Nous savons maintenant ce que valent les engagements de Poutine.
========== précisions sur les mémorandums de Budapest ===========
Les 5 et 6 décembre 1994 sont signés les mémorandums de Budapest. Ce sont trois documents signés en termes identiques par la Biélorussie, le Kazakhstan et l’Ukraine ainsi que par les États-Unis, le Royaume-Uni et la Russie, qui accordent des garanties d’intégrité territoriale et de sécurité à chacune de ces trois anciennes républiques socialistes soviétiques (RSS) en échange de leur ratification du traité sur la non-prolifération des armes nucléaires (TNP). Boris Eltsine prend donc alors l’engagement : « de respecter l’indépendance, la souveraineté et les frontières existantes de l’Ukraine. (…) de s’abstenir de recourir à la menace ou à l’emploi de la force contre l’intégrité territoriale ou l’indépendance politique de l’Ukraine (…) de s’abstenir de toute coercition économique visant à subordonner à leur propre intérêt l’exercice par l’Ukraine des droits inhérents à sa souveraineté et de s’assurer ainsi des avantages de toute nature. » (Mémorandum de Budapest).
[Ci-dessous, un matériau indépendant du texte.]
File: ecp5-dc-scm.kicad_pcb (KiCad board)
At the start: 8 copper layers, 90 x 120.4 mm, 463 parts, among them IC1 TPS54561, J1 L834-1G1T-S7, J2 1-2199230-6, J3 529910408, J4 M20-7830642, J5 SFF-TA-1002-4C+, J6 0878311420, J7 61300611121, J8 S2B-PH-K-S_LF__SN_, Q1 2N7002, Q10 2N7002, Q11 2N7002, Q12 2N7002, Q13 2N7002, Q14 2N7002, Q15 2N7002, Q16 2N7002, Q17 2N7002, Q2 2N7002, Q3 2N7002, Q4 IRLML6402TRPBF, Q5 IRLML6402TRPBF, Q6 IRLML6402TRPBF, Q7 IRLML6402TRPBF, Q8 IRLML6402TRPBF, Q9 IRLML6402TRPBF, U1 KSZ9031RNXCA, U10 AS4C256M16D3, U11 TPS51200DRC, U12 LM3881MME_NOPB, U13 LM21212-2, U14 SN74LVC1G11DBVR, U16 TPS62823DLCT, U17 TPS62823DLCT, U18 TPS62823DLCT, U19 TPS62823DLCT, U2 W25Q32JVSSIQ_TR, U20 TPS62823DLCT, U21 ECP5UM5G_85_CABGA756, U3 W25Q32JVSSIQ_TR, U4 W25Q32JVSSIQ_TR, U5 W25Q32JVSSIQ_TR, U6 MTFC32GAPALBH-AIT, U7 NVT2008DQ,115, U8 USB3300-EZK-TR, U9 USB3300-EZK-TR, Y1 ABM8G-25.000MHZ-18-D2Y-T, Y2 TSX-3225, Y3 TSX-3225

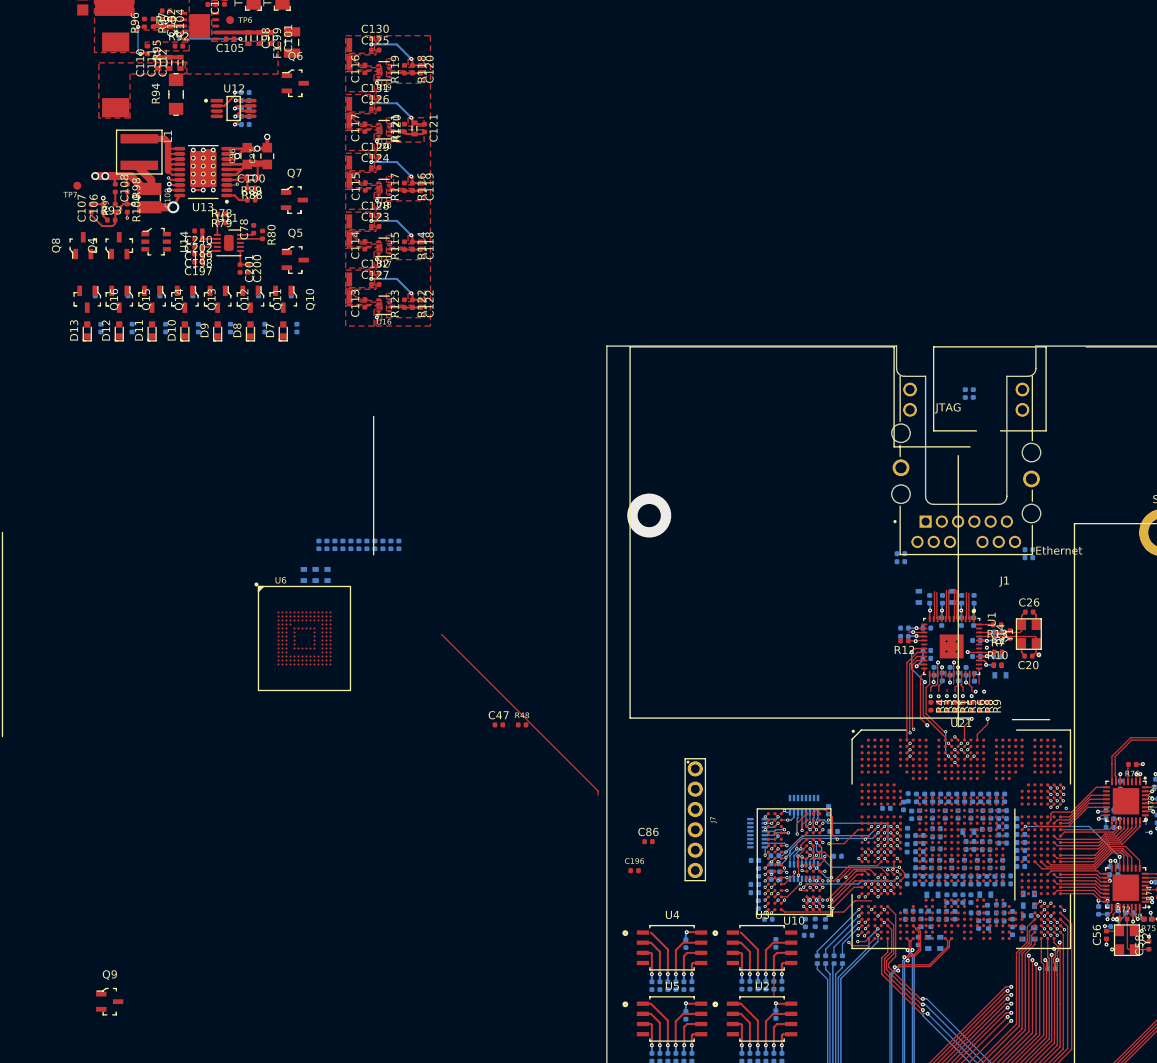
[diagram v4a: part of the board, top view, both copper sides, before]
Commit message: I3C routed
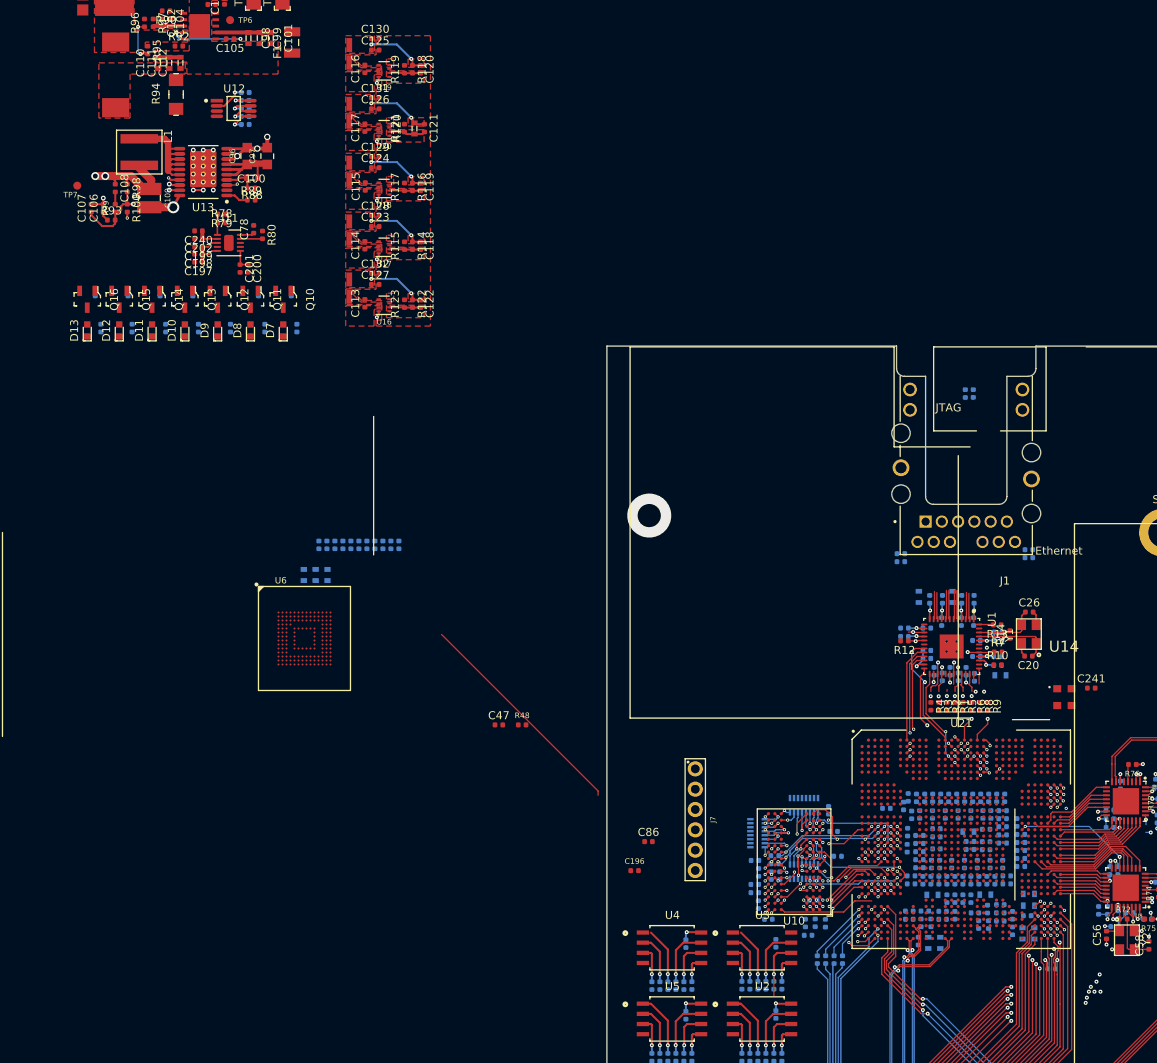
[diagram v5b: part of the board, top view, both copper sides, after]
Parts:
- removed Q4, Q5, Q6, Q7, Q8, Q9: IRLML6402TRPBF, ecp5-dc-scm-footprints:SOT-23-3
- added C241: C_100n_0402, ecp5-dc-scm-footprints:0402-cap, F.Cu at (120.7, 101.7)
- U14: value SN74LVC1G11DBVR -> AMJMEFB-100.0000T; footprint ecp5-dc-scm-footprints:SOT-23-6 -> antmicro-footprints:AMJMEFB
- moved U14 126.9 mm to (117.2, 102.5), turned to 0 degrees
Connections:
- net /Power supply/VR2_PG renamed GCLK100
- C154 pad 1: VCC -> VCC1V2
- C156 pad 1: VCC -> VCC1V2
- C159 pad 1: VCC -> VCC1V2
- C162 pad 1: VCC -> VCC1V2
- C165 pad 1: VCC -> VCC1V2
- C168 pad 1: VCC -> VCC1V2
- C171 pad 1: VCC -> VCC1V2
- C174 pad 1: VCC -> VCC1V2
- C177 pad 1: VCC -> VCC1V2
- C181 pad 1: VCC -> VCC1V2
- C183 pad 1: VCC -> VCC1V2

En 2009, les États-Unis et la Russie confirmeront la validité de ces trois mémorandums lorsque le traité START expire. Ils publient la déclaration commune du 4 décembre 2009 : « Le respect par ces États de leurs obligations au titre du protocole au traité START du 23 mai 1992 (Protocole de Lisbonne) et leur adhésion au TNP (Traité de Non-Prolifération) en tant qu’États non dotés d’armes nucléaires ont renforcé leur sécurité, ce qui s’est traduit, entre autres, dans les mémorandums de Budapest du 5 décembre 1994. À cet égard, les États-Unis d’Amérique et la Fédération de Russie confirment que les assurances consignées dans les mémorandums de Budapest resteront en vigueur après le 4 décembre 2009. ».